Pygmy Goats are ruminants like sheep and cows, they have four stomachs and digest their food by fermentation in their rumen.
Correct feeding and keeping the rumen healthy is essential to keeping your Pygmy Goat healthy.
QUALITY HAY AND PASTURE
Goats are browsing animals rather than grazers like horses, cows and sheep. In the wild they predominantly browse a range of different trees, shrubs and weeds but as sufficient browse is often not available as 24/7 feed for pet Pygmy Goats, the bulk of their diet should always consist of quality hay and pasture.
CUT BROWSE
Pygmy Goats can also be provided with cut branches of goat safe trees and shrubs, particularly Australian natives such as wattle, bottlebrush, lilly pilly, grevilia, banksia, eucalypts, acacia as well as things like tagasaste (lucerne tree), pigeon pea, mulberry, raspberry and willow.
CONCENTRATES AND PELLETS
Concentrates or processed foods like goat pellets, goat muesli, grain, lupins as well as lucerne (hay or chaff) all need to be introduced slowly and fed in small quantities to avoid changing the pH of the rumen and upsetting the fermentation process by killing the good bacteria. Its best to feed these with oaten or wheaten chaff or after your Pygmy Goats have been eating hay.
To avoid the imbalance of calcium to phosphorus ratio that can cause Urinary Calculi in wethers and bucks, grains and lucerne should be limited (or avoided altogether) unless you are certain the total dietary intake (including the minerals in the water source) has correctly balanced ratios.
Food digestion aside, the rumen is where B vitamins including B1 (Thiamine) and B12 critical for goat health are produced.
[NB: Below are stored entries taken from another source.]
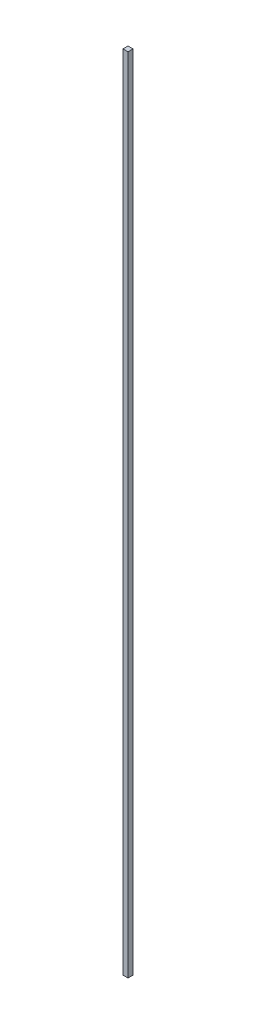
ISO-10303-21;
HEADER;
FILE_DESCRIPTION(('STEP AP214'),'2;1');
FILE_NAME('part.step','',(''),(''),'','','');
FILE_SCHEMA(('AUTOMOTIVE_DESIGN { 1 0 10303 214 1 1 1 1 }'));
ENDSEC;
DATA;
#1=APPLICATION_CONTEXT('core data for automotive mechanical design processes');
#2=APPLICATION_PROTOCOL_DEFINITION('international standard','automotive_design',2000,#1);
#3=PRODUCT_CONTEXT('',#1,'mechanical');
#4=PRODUCT('Part','Part','',(#3));
#5=PRODUCT_RELATED_PRODUCT_CATEGORY('part','',(#4));
#6=PRODUCT_DEFINITION_FORMATION('','',#4);
#7=PRODUCT_DEFINITION_CONTEXT('part definition',#1,'design');
#8=PRODUCT_DEFINITION('design','',#6,#7);
#9=PRODUCT_DEFINITION_SHAPE('','',#8);
#10=(LENGTH_UNIT() NAMED_UNIT(*) SI_UNIT(.MILLI.,.METRE.));
#11=(NAMED_UNIT(*) PLANE_ANGLE_UNIT() SI_UNIT($,.RADIAN.));
#12=(NAMED_UNIT(*) SI_UNIT($,.STERADIAN.) SOLID_ANGLE_UNIT());
#13=UNCERTAINTY_MEASURE_WITH_UNIT(LENGTH_MEASURE(1.E-05),#10,'distance_accuracy_value','');
#14=(GEOMETRIC_REPRESENTATION_CONTEXT(3) GLOBAL_UNCERTAINTY_ASSIGNED_CONTEXT((#13)) GLOBAL_UNIT_ASSIGNED_CONTEXT((#10,
#11,#12)) REPRESENTATION_CONTEXT('',''));
#15=CARTESIAN_POINT('',(0.,0.,0.));
#16=DIRECTION('',(0.,0.,1.));
#17=DIRECTION('',(1.,0.,0.));
#18=AXIS2_PLACEMENT_3D('',#15,#16,#17);
#19=CARTESIAN_POINT('',(-3.2,510.,0.));
#20=DIRECTION('',(1.,0.,0.));
#21=DIRECTION('',(0.,0.,-1.));
#22=AXIS2_PLACEMENT_3D('',#19,#20,#21);
#23=PLANE('',#22);
#24=DIRECTION('',(0.,0.,1.));
#25=VECTOR('',#24,1.);
#26=CARTESIAN_POINT('',(-3.2,0.,0.));
#27=LINE('',#26,#25);
#28=CARTESIAN_POINT('',(-3.2,0.,0.));
#29=VERTEX_POINT('',#28);
#30=CARTESIAN_POINT('',(-3.2,0.,3.2));
#31=VERTEX_POINT('',#30);
#32=EDGE_CURVE('E102',#29,#31,#27,.T.);
#33=ORIENTED_EDGE('',*,*,#32,.T.);
#34=DIRECTION('',(0.,-1.,0.));
#35=VECTOR('',#34,1.);
#36=CARTESIAN_POINT('',(-3.2,510.,3.2));
#37=LINE('',#36,#35);
#38=CARTESIAN_POINT('',(-3.2,510.,3.2));
#39=VERTEX_POINT('',#38);
#40=EDGE_CURVE('E11',#39,#31,#37,.T.);
#41=ORIENTED_EDGE('',*,*,#40,.F.);
#42=DIRECTION('',(0.,0.,1.));
#43=VECTOR('',#42,1.);
#44=CARTESIAN_POINT('',(-3.2,510.,0.));
#45=LINE('',#44,#43);
#46=CARTESIAN_POINT('',(-3.2,510.,0.));
#47=VERTEX_POINT('',#46);
#48=EDGE_CURVE('E90',#47,#39,#45,.T.);
#49=ORIENTED_EDGE('',*,*,#48,.F.);
#50=DIRECTION('',(0.,-1.,0.));
#51=VECTOR('',#50,1.);
#52=CARTESIAN_POINT('',(-3.2,510.,0.));
#53=LINE('',#52,#51);
#54=EDGE_CURVE('E98',#47,#29,#53,.T.);
#55=ORIENTED_EDGE('',*,*,#54,.T.);
#56=EDGE_LOOP('',(#33,#41,#49,#55));
#57=FACE_BOUND('',#56,.T.);
#58=ADVANCED_FACE('F39',(#57),#23,.F.);
#59=CARTESIAN_POINT('',(-3.2,510.,3.2));
#60=DIRECTION('',(0.,0.,-1.));
#61=DIRECTION('',(-1.,0.,0.));
#62=AXIS2_PLACEMENT_3D('',#59,#60,#61);
#63=PLANE('',#62);
#64=DIRECTION('',(1.,0.,0.));
#65=VECTOR('',#64,1.);
#66=CARTESIAN_POINT('',(-3.2,0.,3.2));
#67=LINE('',#66,#65);
#68=CARTESIAN_POINT('',(0.,0.,3.2));
#69=VERTEX_POINT('',#68);
#70=EDGE_CURVE('E94',#31,#69,#67,.T.);
#71=ORIENTED_EDGE('',*,*,#70,.T.);
#72=DIRECTION('',(0.,-1.,0.));
#73=VECTOR('',#72,1.);
#74=CARTESIAN_POINT('',(0.,510.,3.2));
#75=LINE('',#74,#73);
#76=CARTESIAN_POINT('',(0.,510.,3.2));
#77=VERTEX_POINT('',#76);
#78=EDGE_CURVE('E47',#77,#69,#75,.T.);
#79=ORIENTED_EDGE('',*,*,#78,.F.);
#80=DIRECTION('',(1.,0.,0.));
#81=VECTOR('',#80,1.);
#82=CARTESIAN_POINT('',(-3.2,510.,3.2));
#83=LINE('',#82,#81);
#84=EDGE_CURVE('E85',#39,#77,#83,.T.);
#85=ORIENTED_EDGE('',*,*,#84,.F.);
#86=ORIENTED_EDGE('',*,*,#40,.T.);
#87=EDGE_LOOP('',(#71,#79,#85,#86));
#88=FACE_BOUND('',#87,.T.);
#89=ADVANCED_FACE('F93',(#88),#63,.F.);
#90=CARTESIAN_POINT('',(0.,510.,0.));
#91=DIRECTION('',(-1.,0.,0.));
#92=DIRECTION('',(0.,0.,1.));
#93=AXIS2_PLACEMENT_3D('',#90,#91,#92);
#94=PLANE('',#93);
#95=DIRECTION('',(0.,0.,-1.));
#96=VECTOR('',#95,1.);
#97=CARTESIAN_POINT('',(0.,0.,0.));
#98=LINE('',#97,#96);
#99=CARTESIAN_POINT('',(0.,0.,0.));
#100=VERTEX_POINT('',#99);
#101=EDGE_CURVE('E72',#69,#100,#98,.T.);
#102=ORIENTED_EDGE('',*,*,#101,.T.);
#103=DIRECTION('',(0.,-1.,0.));
#104=VECTOR('',#103,1.);
#105=CARTESIAN_POINT('',(0.,510.,0.));
#106=LINE('',#105,#104);
#107=CARTESIAN_POINT('',(0.,510.,0.));
#108=VERTEX_POINT('',#107);
#109=EDGE_CURVE('E95',#108,#100,#106,.T.);
#110=ORIENTED_EDGE('',*,*,#109,.F.);
#111=DIRECTION('',(0.,0.,-1.));
#112=VECTOR('',#111,1.);
#113=CARTESIAN_POINT('',(0.,510.,0.));
#114=LINE('',#113,#112);
#115=EDGE_CURVE('E88',#77,#108,#114,.T.);
#116=ORIENTED_EDGE('',*,*,#115,.F.);
#117=ORIENTED_EDGE('',*,*,#78,.T.);
#118=EDGE_LOOP('',(#102,#110,#116,#117));
#119=FACE_BOUND('',#118,.T.);
#120=ADVANCED_FACE('F96',(#119),#94,.F.);
#121=CARTESIAN_POINT('',(-3.2,510.,0.));
#122=DIRECTION('',(0.,0.,1.));
#123=DIRECTION('',(1.,0.,0.));
#124=AXIS2_PLACEMENT_3D('',#121,#122,#123);
#125=PLANE('',#124);
#126=DIRECTION('',(-1.,0.,0.));
#127=VECTOR('',#126,1.);
#128=CARTESIAN_POINT('',(-3.2,0.,0.));
#129=LINE('',#128,#127);
#130=EDGE_CURVE('E78',#100,#29,#129,.T.);
#131=ORIENTED_EDGE('',*,*,#130,.T.);
#132=ORIENTED_EDGE('',*,*,#54,.F.);
#133=DIRECTION('',(-1.,0.,0.));
#134=VECTOR('',#133,1.);
#135=CARTESIAN_POINT('',(-3.2,510.,0.));
#136=LINE('',#135,#134);
#137=EDGE_CURVE('E55',#108,#47,#136,.T.);
#138=ORIENTED_EDGE('',*,*,#137,.F.);
#139=ORIENTED_EDGE('',*,*,#109,.T.);
#140=EDGE_LOOP('',(#131,#132,#138,#139));
#141=FACE_BOUND('',#140,.T.);
#142=ADVANCED_FACE('F109',(#141),#125,.F.);
#143=CARTESIAN_POINT('',(0.,510.,0.));
#144=DIRECTION('',(0.,1.,0.));
#145=DIRECTION('',(0.,0.,1.));
#146=AXIS2_PLACEMENT_3D('',#143,#144,#145);
#147=PLANE('',#146);
#148=ORIENTED_EDGE('',*,*,#48,.T.);
#149=ORIENTED_EDGE('',*,*,#84,.T.);
#150=ORIENTED_EDGE('',*,*,#115,.T.);
#151=ORIENTED_EDGE('',*,*,#137,.T.);
#152=EDGE_LOOP('',(#148,#149,#150,#151));
#153=FACE_BOUND('',#152,.T.);
#154=ADVANCED_FACE('F86',(#153),#147,.T.);
#155=CARTESIAN_POINT('',(0.,0.,0.));
#156=DIRECTION('',(0.,1.,0.));
#157=DIRECTION('',(0.,0.,1.));
#158=AXIS2_PLACEMENT_3D('',#155,#156,#157);
#159=PLANE('',#158);
#160=ORIENTED_EDGE('',*,*,#32,.F.);
#161=ORIENTED_EDGE('',*,*,#130,.F.);
#162=ORIENTED_EDGE('',*,*,#101,.F.);
#163=ORIENTED_EDGE('',*,*,#70,.F.);
#164=EDGE_LOOP('',(#160,#161,#162,#163));
#165=FACE_BOUND('',#164,.T.);
#166=ADVANCED_FACE('F112',(#165),#159,.F.);
#167=CLOSED_SHELL('',(#58,#89,#120,#142,#154,#166));
#168=MANIFOLD_SOLID_BREP('B2',#167);
#169=ADVANCED_BREP_SHAPE_REPRESENTATION('',(#18,#168),#14);
#170=SHAPE_DEFINITION_REPRESENTATION(#9,#169);
ENDSEC;
END-ISO-10303-21;

Vitamin B1 Deficiency causes Goat Polio (not like Human Polio) and deficiencies in B12 leads to weightloss and metabolic problems – both cause severe illness and death if not treated quickly.
TREATS
Additional foods like pumpkin, carrots, lettuce, tomato, sweet potato, cauliflower, broccoli, apples, bananas including skins, strawberries, sunflower seeds, watermelon, blueberries, sultanas, rose leaves and petals, orange and mandarins, grapes, leafy green like spinach, silverbeet, kale and Asian greens can be fed chopped into small pieces and fed in small quantities as treats.
Just like humans, Pygmy Goats can have very strong opinion on what foods they will and won’t eat. Ours will just about sell their souls for wheat-bix, but are not overly keen on fruit and vegies.
Our Pygmy Goats diet is mainly hay, pasture, along with a small amount of goat pellets and muesli with oaten chaff, a small portion of lucerne chaff and a teaspoon of black sunflower seeds each. They also regularly get Livamol and Anitone.
TOXIC FRUIT AND VEGETABLES
Tomatoes, capsicum, chilli, potatoes and eggplant are all from the nightshade family and all parts of the plant are toxic to goats.
Leaves and branches from any of the prunus species of fruit trees – plums, apricots, peaches, cherries etc are cyanogenic when wilted and toxic to goats. While some people do feed fresh leaves and fruit to their goats, we didn’t want to take the risk with ours and had all our prunus fruit trees removed from around their paddocks to make sure no wilted leaves or branches would ever blow inside the fence.